Top of EXTRACTED MATERIAL
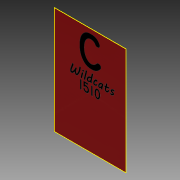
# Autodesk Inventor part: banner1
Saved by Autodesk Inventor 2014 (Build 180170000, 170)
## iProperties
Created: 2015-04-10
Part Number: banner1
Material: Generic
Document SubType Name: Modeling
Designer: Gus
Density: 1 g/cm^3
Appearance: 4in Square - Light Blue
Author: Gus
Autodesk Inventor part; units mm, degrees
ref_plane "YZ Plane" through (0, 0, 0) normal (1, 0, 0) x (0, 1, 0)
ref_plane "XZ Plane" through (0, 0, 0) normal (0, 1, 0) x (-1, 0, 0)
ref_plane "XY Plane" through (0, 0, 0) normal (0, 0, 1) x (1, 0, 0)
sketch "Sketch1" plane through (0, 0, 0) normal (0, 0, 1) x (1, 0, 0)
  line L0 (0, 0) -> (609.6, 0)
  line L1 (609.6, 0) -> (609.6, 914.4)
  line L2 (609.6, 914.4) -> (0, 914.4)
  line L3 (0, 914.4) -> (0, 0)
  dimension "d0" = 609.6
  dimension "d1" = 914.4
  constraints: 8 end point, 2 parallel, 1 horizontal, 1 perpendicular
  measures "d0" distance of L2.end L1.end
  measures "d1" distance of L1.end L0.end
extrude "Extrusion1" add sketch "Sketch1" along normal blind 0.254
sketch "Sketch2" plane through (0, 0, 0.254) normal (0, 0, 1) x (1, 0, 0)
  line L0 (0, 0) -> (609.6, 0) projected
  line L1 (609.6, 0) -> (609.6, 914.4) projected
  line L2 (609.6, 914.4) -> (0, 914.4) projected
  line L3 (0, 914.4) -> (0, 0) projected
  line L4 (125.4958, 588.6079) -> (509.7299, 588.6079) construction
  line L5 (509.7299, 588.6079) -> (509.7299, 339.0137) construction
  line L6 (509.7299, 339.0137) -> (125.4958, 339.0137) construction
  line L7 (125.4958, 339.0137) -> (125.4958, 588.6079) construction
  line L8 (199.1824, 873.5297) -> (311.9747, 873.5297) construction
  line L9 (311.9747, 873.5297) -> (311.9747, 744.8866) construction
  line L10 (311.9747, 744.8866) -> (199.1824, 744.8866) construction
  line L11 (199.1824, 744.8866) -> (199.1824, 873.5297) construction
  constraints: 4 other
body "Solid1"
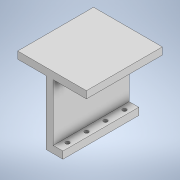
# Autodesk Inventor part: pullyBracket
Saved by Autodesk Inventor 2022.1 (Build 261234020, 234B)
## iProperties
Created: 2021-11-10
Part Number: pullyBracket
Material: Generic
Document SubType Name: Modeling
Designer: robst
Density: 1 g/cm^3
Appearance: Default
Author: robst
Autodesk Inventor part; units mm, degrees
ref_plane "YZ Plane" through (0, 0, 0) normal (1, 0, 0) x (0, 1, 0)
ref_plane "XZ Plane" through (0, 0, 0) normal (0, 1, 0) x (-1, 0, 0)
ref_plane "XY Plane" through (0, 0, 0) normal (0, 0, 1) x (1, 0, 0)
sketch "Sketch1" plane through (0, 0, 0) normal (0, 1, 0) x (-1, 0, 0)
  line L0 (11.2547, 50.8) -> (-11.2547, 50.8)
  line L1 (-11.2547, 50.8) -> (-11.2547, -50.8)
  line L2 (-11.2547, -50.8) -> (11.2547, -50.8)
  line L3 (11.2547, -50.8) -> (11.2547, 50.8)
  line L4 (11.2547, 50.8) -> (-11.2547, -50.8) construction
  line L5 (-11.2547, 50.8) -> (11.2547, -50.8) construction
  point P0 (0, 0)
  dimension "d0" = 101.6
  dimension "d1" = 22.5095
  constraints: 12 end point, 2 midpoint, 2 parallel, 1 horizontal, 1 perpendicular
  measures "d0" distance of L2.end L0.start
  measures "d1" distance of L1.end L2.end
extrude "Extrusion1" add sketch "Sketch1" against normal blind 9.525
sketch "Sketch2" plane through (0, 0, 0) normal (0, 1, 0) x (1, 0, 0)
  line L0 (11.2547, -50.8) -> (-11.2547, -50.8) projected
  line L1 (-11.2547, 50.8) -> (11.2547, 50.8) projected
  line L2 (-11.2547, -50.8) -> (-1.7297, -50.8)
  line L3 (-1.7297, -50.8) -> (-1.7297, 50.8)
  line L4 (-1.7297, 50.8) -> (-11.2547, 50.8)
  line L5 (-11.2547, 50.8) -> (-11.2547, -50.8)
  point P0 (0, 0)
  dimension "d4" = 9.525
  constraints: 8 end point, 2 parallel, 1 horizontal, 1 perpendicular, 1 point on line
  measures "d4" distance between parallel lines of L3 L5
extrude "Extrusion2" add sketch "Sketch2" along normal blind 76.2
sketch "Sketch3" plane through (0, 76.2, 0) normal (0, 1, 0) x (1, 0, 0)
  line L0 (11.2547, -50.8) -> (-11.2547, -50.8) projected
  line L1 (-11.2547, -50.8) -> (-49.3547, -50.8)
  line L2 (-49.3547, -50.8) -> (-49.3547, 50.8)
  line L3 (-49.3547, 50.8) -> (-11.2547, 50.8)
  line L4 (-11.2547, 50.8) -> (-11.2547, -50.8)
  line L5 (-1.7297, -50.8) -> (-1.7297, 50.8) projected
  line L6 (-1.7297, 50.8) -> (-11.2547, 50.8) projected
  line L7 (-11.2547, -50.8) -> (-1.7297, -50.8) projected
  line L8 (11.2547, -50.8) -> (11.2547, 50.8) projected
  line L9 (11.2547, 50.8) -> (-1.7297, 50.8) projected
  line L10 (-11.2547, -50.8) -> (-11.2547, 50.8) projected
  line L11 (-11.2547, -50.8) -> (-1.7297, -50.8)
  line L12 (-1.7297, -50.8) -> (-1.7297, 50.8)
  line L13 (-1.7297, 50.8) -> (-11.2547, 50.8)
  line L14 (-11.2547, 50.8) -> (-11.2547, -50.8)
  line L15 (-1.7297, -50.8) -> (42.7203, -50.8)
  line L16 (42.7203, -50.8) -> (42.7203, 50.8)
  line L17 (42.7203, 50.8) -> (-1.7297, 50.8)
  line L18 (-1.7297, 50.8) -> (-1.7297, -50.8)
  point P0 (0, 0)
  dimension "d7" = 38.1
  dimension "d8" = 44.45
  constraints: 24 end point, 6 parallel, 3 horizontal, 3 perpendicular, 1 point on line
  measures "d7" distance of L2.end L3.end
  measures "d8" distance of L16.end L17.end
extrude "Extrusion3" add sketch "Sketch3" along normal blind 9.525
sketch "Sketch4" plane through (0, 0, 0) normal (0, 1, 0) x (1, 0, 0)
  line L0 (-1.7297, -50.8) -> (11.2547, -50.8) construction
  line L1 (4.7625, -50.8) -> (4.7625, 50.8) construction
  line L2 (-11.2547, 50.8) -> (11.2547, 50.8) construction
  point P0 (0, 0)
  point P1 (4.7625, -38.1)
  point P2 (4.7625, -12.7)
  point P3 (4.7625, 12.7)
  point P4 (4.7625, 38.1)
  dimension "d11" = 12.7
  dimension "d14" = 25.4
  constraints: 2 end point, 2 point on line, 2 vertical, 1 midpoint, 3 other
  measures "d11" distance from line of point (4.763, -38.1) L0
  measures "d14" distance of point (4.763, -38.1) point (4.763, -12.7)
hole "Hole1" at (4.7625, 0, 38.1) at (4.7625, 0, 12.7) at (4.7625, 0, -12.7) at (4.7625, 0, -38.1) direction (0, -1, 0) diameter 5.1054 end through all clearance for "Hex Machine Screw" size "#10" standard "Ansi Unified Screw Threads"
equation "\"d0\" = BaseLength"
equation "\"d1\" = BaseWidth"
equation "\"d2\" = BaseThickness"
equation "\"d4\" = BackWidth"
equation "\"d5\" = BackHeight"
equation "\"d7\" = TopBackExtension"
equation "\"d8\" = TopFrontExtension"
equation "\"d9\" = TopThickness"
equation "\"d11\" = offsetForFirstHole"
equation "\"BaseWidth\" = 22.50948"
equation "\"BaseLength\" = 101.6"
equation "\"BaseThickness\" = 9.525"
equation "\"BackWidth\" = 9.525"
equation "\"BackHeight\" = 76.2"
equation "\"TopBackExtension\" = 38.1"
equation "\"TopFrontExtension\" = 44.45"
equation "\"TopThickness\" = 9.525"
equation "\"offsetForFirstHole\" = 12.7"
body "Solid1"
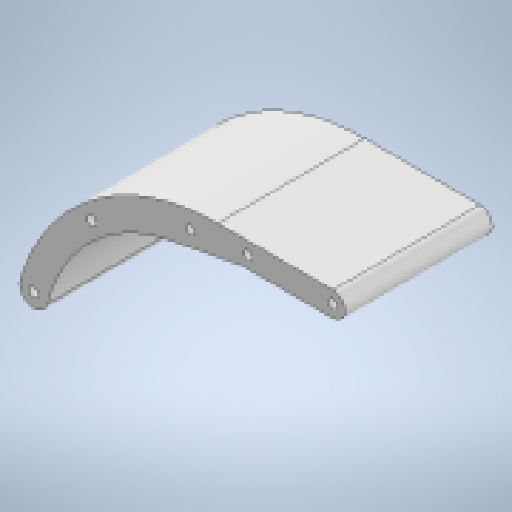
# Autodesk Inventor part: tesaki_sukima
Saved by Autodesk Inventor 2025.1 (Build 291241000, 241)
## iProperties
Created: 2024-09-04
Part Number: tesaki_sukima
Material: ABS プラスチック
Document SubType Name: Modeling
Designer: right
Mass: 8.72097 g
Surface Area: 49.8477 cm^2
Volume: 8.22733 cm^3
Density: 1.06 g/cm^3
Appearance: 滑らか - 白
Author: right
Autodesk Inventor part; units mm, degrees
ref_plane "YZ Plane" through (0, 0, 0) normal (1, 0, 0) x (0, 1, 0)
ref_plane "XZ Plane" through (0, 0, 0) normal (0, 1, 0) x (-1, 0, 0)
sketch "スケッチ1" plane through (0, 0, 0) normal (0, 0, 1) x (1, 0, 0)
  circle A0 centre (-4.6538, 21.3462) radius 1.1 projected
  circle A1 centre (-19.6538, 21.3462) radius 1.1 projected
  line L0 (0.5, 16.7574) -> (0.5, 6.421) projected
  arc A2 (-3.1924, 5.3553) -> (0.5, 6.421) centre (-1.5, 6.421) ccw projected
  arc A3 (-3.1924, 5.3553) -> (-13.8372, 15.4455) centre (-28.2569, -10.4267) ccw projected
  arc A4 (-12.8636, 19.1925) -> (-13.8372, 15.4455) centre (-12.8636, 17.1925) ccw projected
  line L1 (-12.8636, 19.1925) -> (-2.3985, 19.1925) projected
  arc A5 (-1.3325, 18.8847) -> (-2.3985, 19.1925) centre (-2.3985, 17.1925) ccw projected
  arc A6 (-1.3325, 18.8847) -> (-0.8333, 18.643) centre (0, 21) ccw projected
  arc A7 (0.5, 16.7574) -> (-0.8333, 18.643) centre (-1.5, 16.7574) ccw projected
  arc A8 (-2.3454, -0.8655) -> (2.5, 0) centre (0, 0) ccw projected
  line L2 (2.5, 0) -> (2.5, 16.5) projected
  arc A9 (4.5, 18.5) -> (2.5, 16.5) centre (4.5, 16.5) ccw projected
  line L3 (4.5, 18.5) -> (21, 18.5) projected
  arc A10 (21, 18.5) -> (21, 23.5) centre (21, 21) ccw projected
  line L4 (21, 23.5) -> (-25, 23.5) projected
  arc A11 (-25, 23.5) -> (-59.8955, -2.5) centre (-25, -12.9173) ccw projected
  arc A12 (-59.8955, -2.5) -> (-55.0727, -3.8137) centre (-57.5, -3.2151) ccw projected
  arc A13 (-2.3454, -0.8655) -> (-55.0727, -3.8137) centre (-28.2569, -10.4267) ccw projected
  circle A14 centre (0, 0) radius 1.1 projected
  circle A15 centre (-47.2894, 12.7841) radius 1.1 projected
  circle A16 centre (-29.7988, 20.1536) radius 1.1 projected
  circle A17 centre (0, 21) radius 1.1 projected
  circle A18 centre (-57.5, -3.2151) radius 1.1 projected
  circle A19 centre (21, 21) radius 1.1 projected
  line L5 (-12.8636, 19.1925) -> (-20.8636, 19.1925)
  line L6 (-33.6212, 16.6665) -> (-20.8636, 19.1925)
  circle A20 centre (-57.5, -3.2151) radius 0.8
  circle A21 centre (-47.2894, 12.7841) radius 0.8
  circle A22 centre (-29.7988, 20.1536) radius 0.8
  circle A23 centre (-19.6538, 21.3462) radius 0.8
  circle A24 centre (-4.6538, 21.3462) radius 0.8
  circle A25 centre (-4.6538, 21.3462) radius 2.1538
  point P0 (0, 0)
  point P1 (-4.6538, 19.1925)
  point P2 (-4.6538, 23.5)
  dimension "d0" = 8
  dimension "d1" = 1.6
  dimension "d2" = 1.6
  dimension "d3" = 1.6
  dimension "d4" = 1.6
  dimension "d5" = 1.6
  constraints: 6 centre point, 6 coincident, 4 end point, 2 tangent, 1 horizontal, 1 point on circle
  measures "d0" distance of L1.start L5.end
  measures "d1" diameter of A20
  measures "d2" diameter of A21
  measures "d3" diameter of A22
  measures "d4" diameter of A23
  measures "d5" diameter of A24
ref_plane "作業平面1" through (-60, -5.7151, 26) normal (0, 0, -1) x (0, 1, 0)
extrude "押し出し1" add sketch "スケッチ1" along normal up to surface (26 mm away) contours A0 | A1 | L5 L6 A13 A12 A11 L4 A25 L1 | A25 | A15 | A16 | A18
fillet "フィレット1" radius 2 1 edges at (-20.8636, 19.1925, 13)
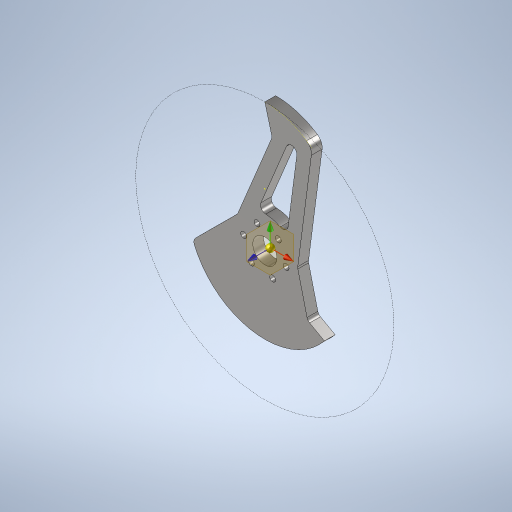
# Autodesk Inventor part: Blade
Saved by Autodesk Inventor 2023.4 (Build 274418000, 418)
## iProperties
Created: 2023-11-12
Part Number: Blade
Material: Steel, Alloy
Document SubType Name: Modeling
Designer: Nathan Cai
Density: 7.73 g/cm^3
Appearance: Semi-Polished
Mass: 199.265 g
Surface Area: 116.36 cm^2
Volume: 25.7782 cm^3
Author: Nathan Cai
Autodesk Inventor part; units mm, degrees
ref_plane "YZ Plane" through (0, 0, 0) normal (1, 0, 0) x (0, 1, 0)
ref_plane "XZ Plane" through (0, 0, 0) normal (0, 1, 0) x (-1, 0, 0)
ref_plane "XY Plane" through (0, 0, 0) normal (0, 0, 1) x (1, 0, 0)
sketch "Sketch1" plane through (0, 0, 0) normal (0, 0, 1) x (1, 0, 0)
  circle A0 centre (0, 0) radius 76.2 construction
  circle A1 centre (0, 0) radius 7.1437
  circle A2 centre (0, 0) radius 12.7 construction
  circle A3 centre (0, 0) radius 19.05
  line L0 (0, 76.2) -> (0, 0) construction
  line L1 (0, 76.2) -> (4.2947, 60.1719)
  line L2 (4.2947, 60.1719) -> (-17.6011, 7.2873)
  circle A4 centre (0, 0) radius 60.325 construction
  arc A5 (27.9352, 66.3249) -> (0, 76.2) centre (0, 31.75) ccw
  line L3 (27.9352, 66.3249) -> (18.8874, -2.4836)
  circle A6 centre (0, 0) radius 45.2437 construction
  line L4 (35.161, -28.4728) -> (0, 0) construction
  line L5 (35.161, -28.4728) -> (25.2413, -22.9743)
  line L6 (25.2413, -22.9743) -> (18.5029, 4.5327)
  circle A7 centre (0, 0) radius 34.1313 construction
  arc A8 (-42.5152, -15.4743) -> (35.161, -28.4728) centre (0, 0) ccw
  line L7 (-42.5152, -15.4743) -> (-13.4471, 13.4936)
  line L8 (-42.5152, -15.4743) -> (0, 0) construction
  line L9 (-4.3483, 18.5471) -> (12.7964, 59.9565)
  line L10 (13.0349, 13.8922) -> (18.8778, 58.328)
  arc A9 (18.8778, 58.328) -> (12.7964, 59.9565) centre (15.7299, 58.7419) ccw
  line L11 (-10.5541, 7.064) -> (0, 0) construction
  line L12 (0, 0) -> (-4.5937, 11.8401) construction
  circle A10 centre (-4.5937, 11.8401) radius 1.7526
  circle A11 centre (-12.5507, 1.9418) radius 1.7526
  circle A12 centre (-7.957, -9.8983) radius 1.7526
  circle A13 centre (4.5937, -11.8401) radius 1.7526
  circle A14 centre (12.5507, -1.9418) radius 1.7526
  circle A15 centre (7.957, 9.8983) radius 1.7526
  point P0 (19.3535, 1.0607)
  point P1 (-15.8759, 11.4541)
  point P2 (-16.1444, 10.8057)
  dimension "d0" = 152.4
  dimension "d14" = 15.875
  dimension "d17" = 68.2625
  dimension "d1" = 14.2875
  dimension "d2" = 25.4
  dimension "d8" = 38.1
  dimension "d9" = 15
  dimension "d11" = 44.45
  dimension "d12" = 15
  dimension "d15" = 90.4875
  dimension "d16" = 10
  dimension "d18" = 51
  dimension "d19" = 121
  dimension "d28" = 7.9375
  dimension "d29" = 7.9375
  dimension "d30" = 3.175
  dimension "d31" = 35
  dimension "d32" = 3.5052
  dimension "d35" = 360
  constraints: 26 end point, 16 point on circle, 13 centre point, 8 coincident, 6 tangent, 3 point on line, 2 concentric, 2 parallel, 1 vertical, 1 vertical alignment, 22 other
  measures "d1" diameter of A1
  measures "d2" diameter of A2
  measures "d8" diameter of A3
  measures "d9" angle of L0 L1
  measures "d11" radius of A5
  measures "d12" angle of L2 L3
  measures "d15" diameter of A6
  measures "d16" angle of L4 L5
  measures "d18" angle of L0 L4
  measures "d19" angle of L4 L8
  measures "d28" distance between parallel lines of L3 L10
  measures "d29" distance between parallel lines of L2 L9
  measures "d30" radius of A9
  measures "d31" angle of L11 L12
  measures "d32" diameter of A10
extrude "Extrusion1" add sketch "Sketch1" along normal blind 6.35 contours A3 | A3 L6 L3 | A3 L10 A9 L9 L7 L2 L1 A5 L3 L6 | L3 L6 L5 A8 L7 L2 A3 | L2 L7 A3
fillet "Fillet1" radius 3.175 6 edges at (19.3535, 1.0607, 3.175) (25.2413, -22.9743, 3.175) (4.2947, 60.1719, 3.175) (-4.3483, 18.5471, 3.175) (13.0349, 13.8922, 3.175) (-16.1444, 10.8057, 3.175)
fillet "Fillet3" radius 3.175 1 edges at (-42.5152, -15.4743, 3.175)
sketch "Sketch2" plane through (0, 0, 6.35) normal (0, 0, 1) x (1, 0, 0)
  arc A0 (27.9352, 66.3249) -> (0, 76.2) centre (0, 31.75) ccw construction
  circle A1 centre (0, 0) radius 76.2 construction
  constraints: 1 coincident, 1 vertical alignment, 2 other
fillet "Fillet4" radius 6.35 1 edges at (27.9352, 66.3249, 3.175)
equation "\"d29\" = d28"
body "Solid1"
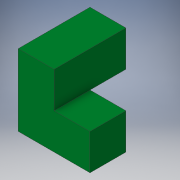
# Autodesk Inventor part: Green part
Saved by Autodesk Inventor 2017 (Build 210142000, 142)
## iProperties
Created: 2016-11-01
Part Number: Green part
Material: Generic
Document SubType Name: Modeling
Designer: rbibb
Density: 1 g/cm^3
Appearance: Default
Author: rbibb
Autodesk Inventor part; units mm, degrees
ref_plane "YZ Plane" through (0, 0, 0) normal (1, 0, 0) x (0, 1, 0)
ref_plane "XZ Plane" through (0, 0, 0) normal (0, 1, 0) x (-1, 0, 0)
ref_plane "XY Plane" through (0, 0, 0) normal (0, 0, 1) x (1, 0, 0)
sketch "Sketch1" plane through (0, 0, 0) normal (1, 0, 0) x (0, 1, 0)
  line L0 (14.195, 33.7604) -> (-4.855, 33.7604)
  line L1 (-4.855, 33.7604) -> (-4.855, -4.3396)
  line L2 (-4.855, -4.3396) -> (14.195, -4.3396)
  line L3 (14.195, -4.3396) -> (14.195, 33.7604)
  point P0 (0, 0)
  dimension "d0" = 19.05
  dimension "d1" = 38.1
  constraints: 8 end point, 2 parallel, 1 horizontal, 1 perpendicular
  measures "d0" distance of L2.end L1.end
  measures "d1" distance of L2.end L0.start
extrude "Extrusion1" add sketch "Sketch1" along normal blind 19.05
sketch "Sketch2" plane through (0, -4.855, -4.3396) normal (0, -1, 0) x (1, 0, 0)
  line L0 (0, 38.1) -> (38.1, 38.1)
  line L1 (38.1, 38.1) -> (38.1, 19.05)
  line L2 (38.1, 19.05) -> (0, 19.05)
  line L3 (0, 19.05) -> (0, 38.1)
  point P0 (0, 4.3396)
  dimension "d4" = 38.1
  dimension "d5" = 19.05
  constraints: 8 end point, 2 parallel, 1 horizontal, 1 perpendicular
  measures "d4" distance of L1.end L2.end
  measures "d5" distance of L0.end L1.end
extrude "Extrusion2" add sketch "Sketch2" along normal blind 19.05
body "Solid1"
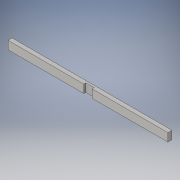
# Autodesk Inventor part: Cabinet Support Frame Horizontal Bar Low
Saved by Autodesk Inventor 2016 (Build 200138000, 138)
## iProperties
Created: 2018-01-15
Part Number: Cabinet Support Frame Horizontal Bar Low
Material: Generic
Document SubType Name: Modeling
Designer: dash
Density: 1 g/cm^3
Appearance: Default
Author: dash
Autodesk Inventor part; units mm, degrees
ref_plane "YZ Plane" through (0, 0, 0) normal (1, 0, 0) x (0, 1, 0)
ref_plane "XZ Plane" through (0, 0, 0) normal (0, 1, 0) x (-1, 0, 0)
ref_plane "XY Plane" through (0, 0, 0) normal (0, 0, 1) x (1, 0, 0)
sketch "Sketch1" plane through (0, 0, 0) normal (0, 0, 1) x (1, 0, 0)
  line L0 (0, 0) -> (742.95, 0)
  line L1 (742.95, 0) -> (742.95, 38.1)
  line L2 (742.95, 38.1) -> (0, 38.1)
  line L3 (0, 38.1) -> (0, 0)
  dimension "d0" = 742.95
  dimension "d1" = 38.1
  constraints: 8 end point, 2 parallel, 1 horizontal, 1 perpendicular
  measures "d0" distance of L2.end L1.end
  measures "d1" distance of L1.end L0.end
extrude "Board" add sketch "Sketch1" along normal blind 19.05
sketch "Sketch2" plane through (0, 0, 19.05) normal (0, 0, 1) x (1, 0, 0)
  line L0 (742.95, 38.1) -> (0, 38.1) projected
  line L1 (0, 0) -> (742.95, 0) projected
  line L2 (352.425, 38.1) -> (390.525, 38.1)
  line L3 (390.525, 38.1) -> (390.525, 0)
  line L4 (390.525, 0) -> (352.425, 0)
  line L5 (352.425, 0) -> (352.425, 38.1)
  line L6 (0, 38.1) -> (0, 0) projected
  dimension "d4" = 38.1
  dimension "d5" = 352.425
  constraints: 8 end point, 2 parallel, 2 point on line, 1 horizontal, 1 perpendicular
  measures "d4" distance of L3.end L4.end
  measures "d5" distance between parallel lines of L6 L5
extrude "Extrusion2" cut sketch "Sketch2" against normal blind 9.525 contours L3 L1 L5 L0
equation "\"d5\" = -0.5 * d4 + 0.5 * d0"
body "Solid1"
Bottom of EXTRACTED MATERIAL
§ **WHAT IS NEEDED**: Return, from the data above, each line in which the string "start" appears.

§ **ANSWER BELOW**:
  measures "d0" distance of L2.end L0.start
  measures "d0" distance of L1.start L5.end
  measures "d1" distance of L2.end L0.start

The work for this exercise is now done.